Merrill Lynch Introduces Global Financial Stress Index

Bank of America Merrill Lynch introduced a cross-market measure of risks to financial markets that it is calling the Global Financial Stress Index.

The gauge of risk, hedging demand and investment flows, the bank and brokerage firm said, "is designed to help investors identify market risks earlier and more accurately than commonly used risk indicators," such as the Chicago Board Options Exchange Market Volatility Index, or VIX, a widely followed measure of the implied volatility of S&P 500 index.

The stress index pulls together more than 20 measures of stress across five asset classes and various geographies, the Global Research unit of BofA Merrill Lynch said.
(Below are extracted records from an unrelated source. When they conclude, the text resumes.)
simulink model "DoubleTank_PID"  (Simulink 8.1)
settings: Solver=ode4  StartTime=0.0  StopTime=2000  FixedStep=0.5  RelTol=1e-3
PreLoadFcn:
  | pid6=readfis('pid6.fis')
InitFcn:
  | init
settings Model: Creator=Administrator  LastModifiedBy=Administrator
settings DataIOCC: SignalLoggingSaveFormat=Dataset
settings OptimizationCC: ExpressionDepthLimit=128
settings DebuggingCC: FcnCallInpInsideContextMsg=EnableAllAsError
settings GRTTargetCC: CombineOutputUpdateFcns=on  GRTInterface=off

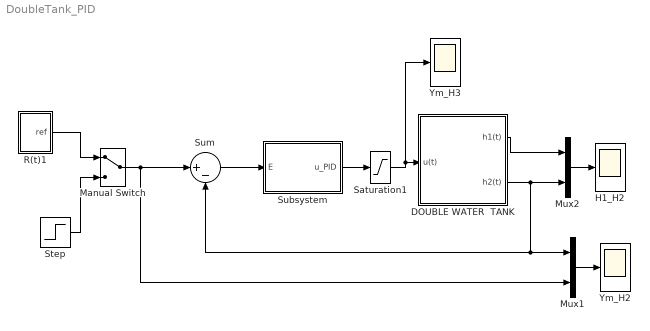
== system DoubleTank_PID ==
  DOUBLE WATER  TANK : Subsystem  mask(Input value){k=6, A_1=15.9043, A_2=15.9043, a1=0.3167, a2=0.1780, g=981}
      mask prompts: k "He so luu luong cua bom k"; A_1 "Tiet dien bon 1"; A_2 "Tiet dien bon 2"; a1 "tiet dien van xa 1"; a2 "tiet dien van xa 2"; g "Gia toc trong truong g"
      mask help: Please input behind values...
  H1_H2 : Scope
      settings: TimeRange=500  YMin=0  YMax=25  SaveName=h1
  Manual Switch : ManualSwitch
  Mux1 : Mux  Inputs=2
  Mux2 : Mux  Inputs=2
  R(t)1 : Subsystem
  Saturation1 : Saturate  UpperLimit=12  LowerLimit=0
  Step : Step  Time=0  After=25  SampleTime=0
  Subsystem : Subsystem  mask{Kp=5, Ki=0.5, Kd=0.1}
      mask prompts: Kp "He so Kp"; Ki "He so Ki"; Kd "He so Kd"
  Sum : Sum  Inputs=|+-
  Ym_H2 : Scope
      settings: TimeRange=500  YMin=38  YMax=42  SaveName=h
  Ym_H3 : Scope
      settings: TimeRange=500  YMin=0  YMax=25  SaveName=h2
  wires:
  Mux2/1 -> H1_H2/1
  R(t)1/1(ref) -> Manual Switch/1
  Step/1 -> Manual Switch/2
  Manual Switch/1 -> Sum/1, Mux1/2
  Subsystem/1(u_PID) -> Saturation1/1
  DOUBLE WATER  TANK/2(h2(t)) -> Mux2/2, Sum/2, Mux1/1
  DOUBLE WATER  TANK/1(h1(t)) -> Mux2/1
  Mux1/1 -> Ym_H2/1
  Saturation1/1 -> Ym_H3/1, DOUBLE WATER  TANK/1(u(t))
  Sum/1 -> Subsystem/1(E)

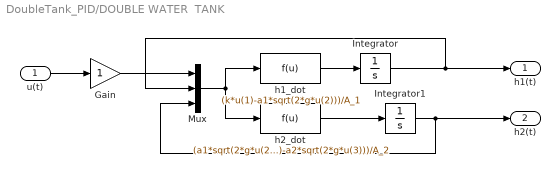
== system DoubleTank_PID/DOUBLE WATER  TANK ==
  u(t) : Inport
  Gain : Gain  SaturateOnIntegerOverflow=on  OutDataTypeStr=Inherit: Same as input  ParamDataTypeStr=Inherit: Same as input
  Integrator : Integrator  LimitOutput=on  UpperSaturationLimit=100  LowerSaturationLimit=0
  Integrator1 : Integrator  LimitOutput=on  UpperSaturationLimit=100  LowerSaturationLimit=0
  Mux : Mux  Inputs=3
  h1_dot : Fcn  Expr=(k*u(1)-a1*sqrt(2*g*u(2)))/A_1
  h2_dot : Fcn  Expr=(a1*sqrt(2*g*u(2))-a2*sqrt(2*g*u(3)))/A_2
  h1(t) : Outport
  h2(t) : Outport  Port=2
  wires:
  h2_dot/1 -> Integrator1/1
  Integrator/1 -> Mux/2, h1(t)/1
  h1_dot/1 -> Integrator/1
  Mux/1 -> h2_dot/1, h1_dot/1
  Integrator1/1 -> Mux/3, h2(t)/1
  u(t)/1 -> Gain/1
  Gain/1 -> Mux/1

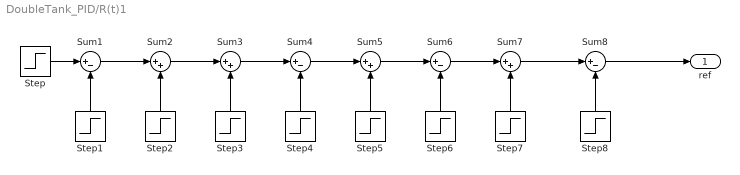
== system DoubleTank_PID/R(t)1 ==
  Step : Step  Time=0  After=15  SampleTime=0
  Step1 : Step  Time=250  After=5  SampleTime=0
  Step2 : Step  Time=500  After=5  SampleTime=0
  Step3 : Step  Time=750  After=15  SampleTime=0
  Step4 : Step  Time=1000  After=10  SampleTime=0
  Step5 : Step  Time=1250  After=15  SampleTime=0
  Step6 : Step  Time=1500  After=5  SampleTime=0
  Step7 : Step  Time=1750  After=15  SampleTime=0
  Step8 : Step  Time=2000  After=5  SampleTime=0
  Sum{1,4,6,8} (4 alike) : Sum  Inputs=|+-  SaturateOnIntegerOverflow=on
  Sum{2..3,5,7} (4 alike) : Sum  Inputs=|++  SaturateOnIntegerOverflow=on
  ref : Outport
  wires:
  Sum5/1 -> Sum6/1
  Step7/1 -> Sum7/2
  Sum6/1 -> Sum7/1
  Step6/1 -> Sum6/2
  Sum3/1 -> Sum4/1
  Step5/1 -> Sum5/2
  Sum4/1 -> Sum5/1
  Step4/1 -> Sum4/2
  Step3/1 -> Sum3/2
  Sum2/1 -> Sum3/1
  Step2/1 -> Sum2/2
  Sum1/1 -> Sum2/1
  Step1/1 -> Sum1/2
  Step/1 -> Sum1/1
  Step8/1 -> Sum8/2
  Sum8/1 -> ref/1
  Sum7/1 -> Sum8/1

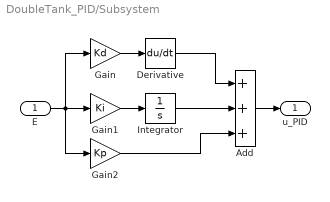
== system DoubleTank_PID/Subsystem ==
  E : Inport
  Add : Sum  Inputs=+++
  Derivative : Derivative
  Gain : Gain  Gain=Kd
  Gain1 : Gain  Gain=Ki
  Gain2 : Gain  Gain=Kp
  Integrator : Integrator
  u_PID : Outport
  wires:
  Derivative/1 -> Add/1
  Integrator/1 -> Add/2
  Gain2/1 -> Add/3
  Gain/1 -> Derivative/1
  Gain1/1 -> Integrator/1
  Add/1 -> u_PID/1
  E/1 -> Gain2/1, Gain/1, Gain1/1
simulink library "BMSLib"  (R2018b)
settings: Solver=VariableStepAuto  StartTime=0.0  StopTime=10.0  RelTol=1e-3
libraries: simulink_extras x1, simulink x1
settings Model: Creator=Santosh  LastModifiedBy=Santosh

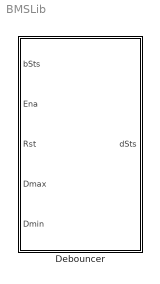
== system BMSLib ==
  Debouncer : Subsystem  mask(Debouncer){}
      mask help:
      | Debouncer IO
      | bSts : Fault flag or signal to be debounced (Bool)
      | Ena: Enables debouncer counting operation (Bool)
      | Rst: Resets the dounce counter and also the output to 0 (Bool)
      | Dmax: Max count at which the dSts is set (Int)
      | Dmin: Min count at which dSts is reset (Int)
      | dSts: Debounced output of bSts. (Bool)

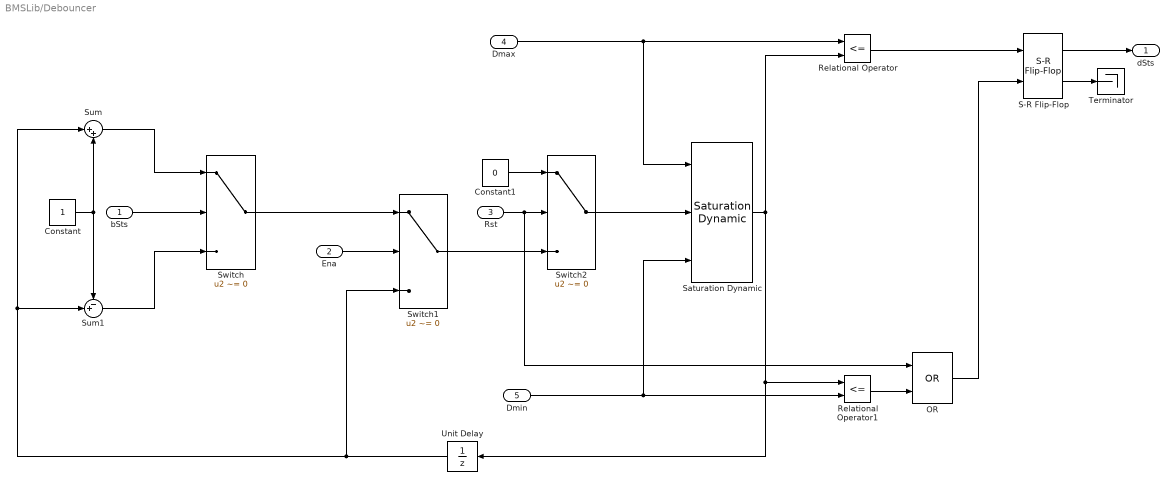
== system BMSLib/Debouncer ==
  bSts : Inport
  Ena : Inport  Port=2
  Rst : Inport  Port=3
  Dmax : Inport  Port=4
  Dmin : Inport  Port=5
  Constant : Constant
  Constant1 : Constant  Value=0
  OR : Logic  Operator=OR  IconShape=distinctive  AllPortsSameDT=off  OutDataTypeStr=boolean
  Relational Operator : RelationalOperator  Operator=<=  OutDataTypeStr=boolean  RndMeth=Simplest
  Relational Operator1 : RelationalOperator  Operator=<=  OutDataTypeStr=boolean  RndMeth=Simplest
  S-R Flip-Flop : simulink_extras/Flip Flops/S-R Flip-Flop  initial_condition=0
  Saturation Dynamic : simulink/Discontinuities/Saturation Dynamic  OutMin=[]  OutMax=[]  OutDataTypeStr=Inherit: Same as second input  OutDataType=fixdt(1, 16)  OutScaling=2^-10  DoSatur=off
  Sum : Sum  Inputs=|++
  Sum1 : Sum  Inputs=-+|
  Switch : Switch  Criteria=u2 ~= 0
  Switch1 : Switch  Criteria=u2 ~= 0
  Switch2 : Switch  Criteria=u2 ~= 0
  Terminator : Terminator
  Unit Delay : UnitDelay  SampleTime=-1
  dSts : Outport
  wires:
  Switch2/1 -> Saturation Dynamic/2
  Constant/1 -> Sum1/1, Sum/2
  Dmin/1 -> Relational Operator1/2, Saturation Dynamic/3
  S-R Flip-Flop/2 -> Terminator/1
  Unit Delay/1 -> Switch1/3, Sum/1, Sum1/2
  S-R Flip-Flop/1 -> dSts/1
  Constant1/1 -> Switch2/1
  Sum/1 -> Switch/1
  Saturation Dynamic/1 -> Relational Operator1/1, Unit Delay/1, Relational Operator/2
  Dmax/1 -> Saturation Dynamic/1, Relational Operator/1
  Rst/1 -> OR/1, Switch2/2
  Ena/1 -> Switch1/2
  Sum1/1 -> Switch/3
  Switch/1 -> Switch1/1
  Switch1/1 -> Switch2/3
  bSts/1 -> Switch/2
  Relational Operator/1 -> S-R Flip-Flop/1
  OR/1 -> S-R Flip-Flop/2
  Relational Operator1/1 -> OR/2

This collecation will be used to measure three kinds of stress: risk, including volatility, solvency and liquidity; hedging demand, implied from activity in equity and currency options; and investor appetite for risk, as measured by trading volumes as well as flows in and out of equities, high-yield bonds and money markets.

The index has been in testing since 2000. The Global Research unit said the testing found that sharp rises in the index over short periods of time would have had a high degree of accuracy in forecasting sell-offs in assets, particularly global equities, commodities and U.S. high-yield bonds.

“Since the global financial crisis, risk appears to have become as important to investors as return,” said Michael Hartnett, chief global equity strategist at BofA Merrill Lynch Global Research. “The GFSI measures risks not normally visible in public markets by incorporating assets trading in the over-the-counter market. We believe its breadth and depth make it a better measure of financial market stress than the VIX, which is based on U.S. options data alone.”

On Monday, the GFSI sat at 0.26, which BofA Merrill Lynch said "indicates marginally elevated market stress."

The Flow sub-index touched a two-year low earlier this month indicating large inflows into risky assets and out of money market funds. This contrasted with stress levels signaled by both the Risk and Skew sub-indices, which remain elevated. The last time such a similar discrepancy between Skew and Flows occurred was in April 2010, just before a sharp decline in the S&P 500.